The hypotheses raised in this work are as follows. It is possible to apply an adaptive IL sensors technology and MFIM system for load estimation of passenger vehicle. The main contribution of this work is the new application of IL sensors to estimate the mass of a passenger car load. The main aim is to experimentally demonstrate the sensitivity of a new load parameter, defined based on VMP, to the vehicle load. This relation originates from the dependence of the passenger vehicle clearance value on the vehicle load mass and finally the VMP. It is also highlighted that the slim IL sensors [24,25] are better suited for the task than the wide IL sensors. They allow the building of a system for estimating the load mass of a passenger vehicle within a maximum error of around 30 kg and approximate estimation of the number of passengers under the assumption of an average passenger mass, e.g., 70 kg. The paper describes the whole IL sensor-based system dedicated to various road traffic measurements that is currently working on the UST-AGH campus. The measurements are taken at different frequencies for increased immunity to electromagnetic interferences. Opposite to existing WIM systems that are used for detecting overloaded heavy trucks that damage the road, we consider the case of overloaded passenger cars, which do not damage the road but still pose a threat for road safety.

2. Measurement System

The diagram of the measurement system is shown in Figure 1. The suspension of a passenger car is flexible. The load of the car affects the ground clearance. A loaded car has a lower ground clearance than an unloaded one.

A set of four IL sensors (IL1–IL4) have been installed in the lane of the road where the vehicles pass.

The slim IL sensor is made in the same technology as the wide one. The longevity of IL sensors reaches the life of the pavement in which they are installed and can roughly be estimated for 10–20 years.

The precision of the installation of the slim IL sensor with dimensions of 0.1 m by 3.2 m is estimated at 5 mm and is limited by guiding the saw cutting a groove in the road surface for a wire. Such precision is satisfactory. We have two slim IL sensors on the testbed. No significant differences were observed in the obtained VMPs for both slim IL sensors.

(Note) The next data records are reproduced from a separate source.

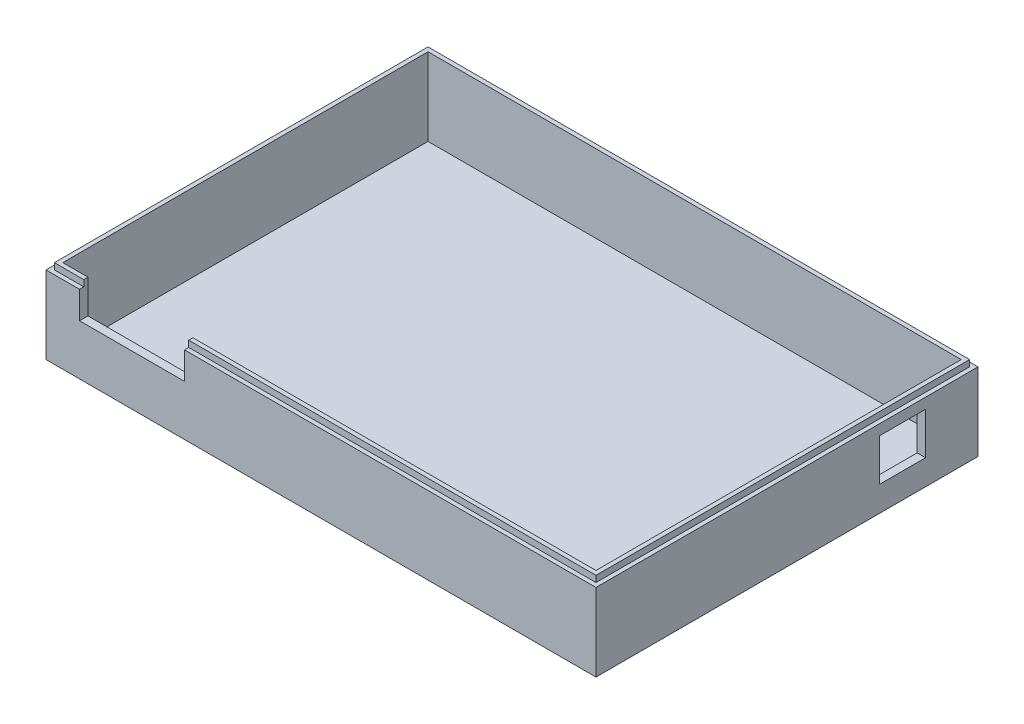
SolidWorks part; units mm, degrees
ref_plane "Front Plane" through (0, 0, 0) normal (0, 0, 1) x (1, 0, 0)
ref_plane "Top Plane" through (0, 0, 0) normal (0, 1, 0) x (1, 0, 0)
ref_plane "Right Plane" through (0, 0, 0) normal (1, 0, 0) x (0, 0, -1)
sketch "Sketch1" plane through (0, 0, 0) normal (0, 1, 0) x (1, 0, 0)
  line L1 (-63.5, -43.5) -> (63.5, -43.5)
  line L2 (-63.5, -43.5) -> (-63.5, 43.5)
  line L3 (-63.5, 43.5) -> (63.5, 43.5)
  line L4 (63.5, -43.5) -> (63.5, 43.5)
  line L5 (-63.5, -43.5) -> (63.5, 43.5) construction
  line L6 (-63.5, 43.5) -> (63.5, -43.5) construction
  point P0 (0, 0)
  dimension "D1" = 127
  dimension "D2" = 87
extrude "Boss-Extrude1" add sketch "Sketch1" along normal blind 1.5
sketch "Sketch3" plane through (0, 0, 0) normal (0, 1, 0) x (1, 0, 0)
  line L8 (-65.5, 45.5) -> (-65.5, -45.5)
  line L9 (-65.5, -45.5) -> (65.5, -45.5)
  line L10 (65.5, -45.5) -> (65.5, 45.5)
  line L11 (65.5, 45.5) -> (-65.5, 45.5)
  line L12 (-65.5, 45.5) -> (-65.5, -45.5)
  line L13 (-65.5, -45.5) -> (65.5, -45.5)
  line L14 (65.5, -45.5) -> (65.5, 45.5)
  line L15 (65.5, 45.5) -> (-65.5, 45.5)
  line L20 (-63.5, -43.5) -> (63.5, -43.5)
  line L21 (63.5, -43.5) -> (63.5, 43.5)
  line L22 (63.5, 43.5) -> (-63.5, 43.5)
  line L23 (-63.5, 43.5) -> (-63.5, -43.5)
  line L24 (-63.5, -43.5) -> (63.5, -43.5)
  line L25 (63.5, -43.5) -> (63.5, 43.5)
  line L26 (63.5, 43.5) -> (-63.5, 43.5)
  line L27 (-63.5, 43.5) -> (-63.5, -43.5)
  dimension "D1" = 2
  dimension "D2" = 0
extrude "Boss-Extrude2" add sketch "Sketch3" along normal blind 20
sketch "Sketch4" plane through (0, 0, 45.5) normal (0, 0, 1) x (1, 0, 0)
  line L0 (-65.5, 0) -> (65.5, 0) construction
  line L1 (-57.5, 22) -> (-32.5, 22)
  line L2 (-57.5, 22) -> (-57.5, 12)
  line L3 (-57.5, 12) -> (-32.5, 12)
  line L4 (-32.5, 22) -> (-32.5, 12)
  line L5 (-57.5, 22) -> (-32.5, 12) construction
  line L6 (-57.5, 12) -> (-32.5, 22) construction
  line L7 (-65.5, 20) -> (-65.5, 0) construction
  point P0 (-45, 17)
  dimension "D1" = 12
  dimension "D2" = 25
  dimension "D3" = 8
  dimension "D4" = 10
extrude "Cut-Extrude1" cut sketch "Sketch4" against normal up to next
sketch "Sketch5" plane through (65.5, 0, 0) normal (1, 0, 0) x (0, 0, -1)
  line L0 (45.5, 20) -> (45.5, 0) construction
  line L1 (22, 6) -> (33, 6)
  line L2 (22, 6) -> (22, 16)
  line L3 (22, 16) -> (33, 16)
  line L4 (33, 6) -> (33, 16)
  line L5 (22, 6) -> (33, 16) construction
  line L6 (22, 16) -> (33, 6) construction
  line L7 (-45.5, 0) -> (45.5, 0) construction
  point P0 (27.5, 11)
  dimension "D1" = 12.5
  dimension "D2" = 6
  dimension "D3" = 11
  dimension "D4" = 10
extrude "Cut-Extrude2" cut sketch "Sketch5" against normal up to next
sketch "Sketch6" plane through (0, 20, 0) normal (0, 1, 0) x (1, 0, 0)
  line L12 (-57.5, -44.5) -> (-64.5, -44.5)
  line L13 (-64.5, -44.5) -> (-64.5, 44.5)
  line L14 (-64.5, 44.5) -> (64.5, 44.5)
  line L15 (64.5, 44.5) -> (64.5, -44.5)
  line L16 (64.5, -44.5) -> (-32.5, -44.5)
  line L24 (-57.5, -45.5) -> (-57.5, -43.5)
  line L25 (-57.5, -43.5) -> (-63.5, -43.5)
  line L26 (-63.5, -43.5) -> (-63.5, 43.5)
  line L27 (-63.5, 43.5) -> (63.5, 43.5)
  line L28 (63.5, 43.5) -> (63.5, -43.5)
  line L29 (63.5, -43.5) -> (-32.5, -43.5)
  line L30 (-32.5, -43.5) -> (-32.5, -45.5)
  line L31 (-32.5, -45.5) -> (65.5, -45.5)
  line L32 (65.5, -45.5) -> (65.5, 45.5)
  line L33 (65.5, 45.5) -> (-65.5, 45.5)
  line L34 (-65.5, 45.5) -> (-65.5, -45.5)
  line L35 (-65.5, -45.5) -> (-57.5, -45.5)
  line L36 (-57.5, -45.5) -> (-57.5, -44.5)
  line L42 (-32.5, -44.5) -> (-32.5, -45.5)
  line L43 (-32.5, -45.5) -> (65.5, -45.5)
  line L44 (65.5, -45.5) -> (65.5, 45.5)
  line L45 (65.5, 45.5) -> (-65.5, 45.5)
  line L46 (-65.5, 45.5) -> (-65.5, -45.5)
  line L47 (-65.5, -45.5) -> (-57.5, -45.5)
  dimension "D1" = 0
extrude "Cut-Extrude3" cut sketch "Sketch6" against normal blind 1.5

Strict comparison of a slim IL sensor with other WIM load sensor technology is difficult because different sensors generate different output signals. A significant problem of the load sensor is the non-uniform sensitivity over the sensor length. In the case of the applied slim IL sensor, this problem can be neglected thanks to sufficient installation precision.

Each IL sensor has its own impedance parameter measurement channel. Impedance measurement is carried out using the auto-balancing bridge method (ABB). The system includes four processing channels dedicated to four IL sensors. Digital processing is carried out using an industrial NI-PXI computer with a data acquisition card containing an FPGA module. Detailed technical information about the IL sensors construction and the implementation of the MFIM method is given in [24]. Compared to [24], the following significant changes have been additionally applied. Currently we use a new set of excitation frequencies, listed in Table 1, for obtaining R-VMP and X-VMP.

Additionally, in order to improve the quality of the acquired VMPs, signal processing tools such as wavelets [26] and an additional low-pass flat-top digital filter [27] with a bandwidth matched to the vehicle velocity are applied. Examples showing the importance of such filtration in VMP processing are provided in Appendix A in Figure A1, Figure A2 and Figure A3.

Car engines generate electromagnetic interferences (EMIs). In the proposed measurement system, EMIs are detected by applying a notch filter for all excitation frequencies (Table 1) and evaluating the level of the remaining output voltage, which is then recorded. The presence of a high level EMIs, especially with frequencies close to the excitation frequency, disturbs the VMP’s shape. By setting different values of excitation frequencies, we increase the overall robustness of the measurement system against EMIs.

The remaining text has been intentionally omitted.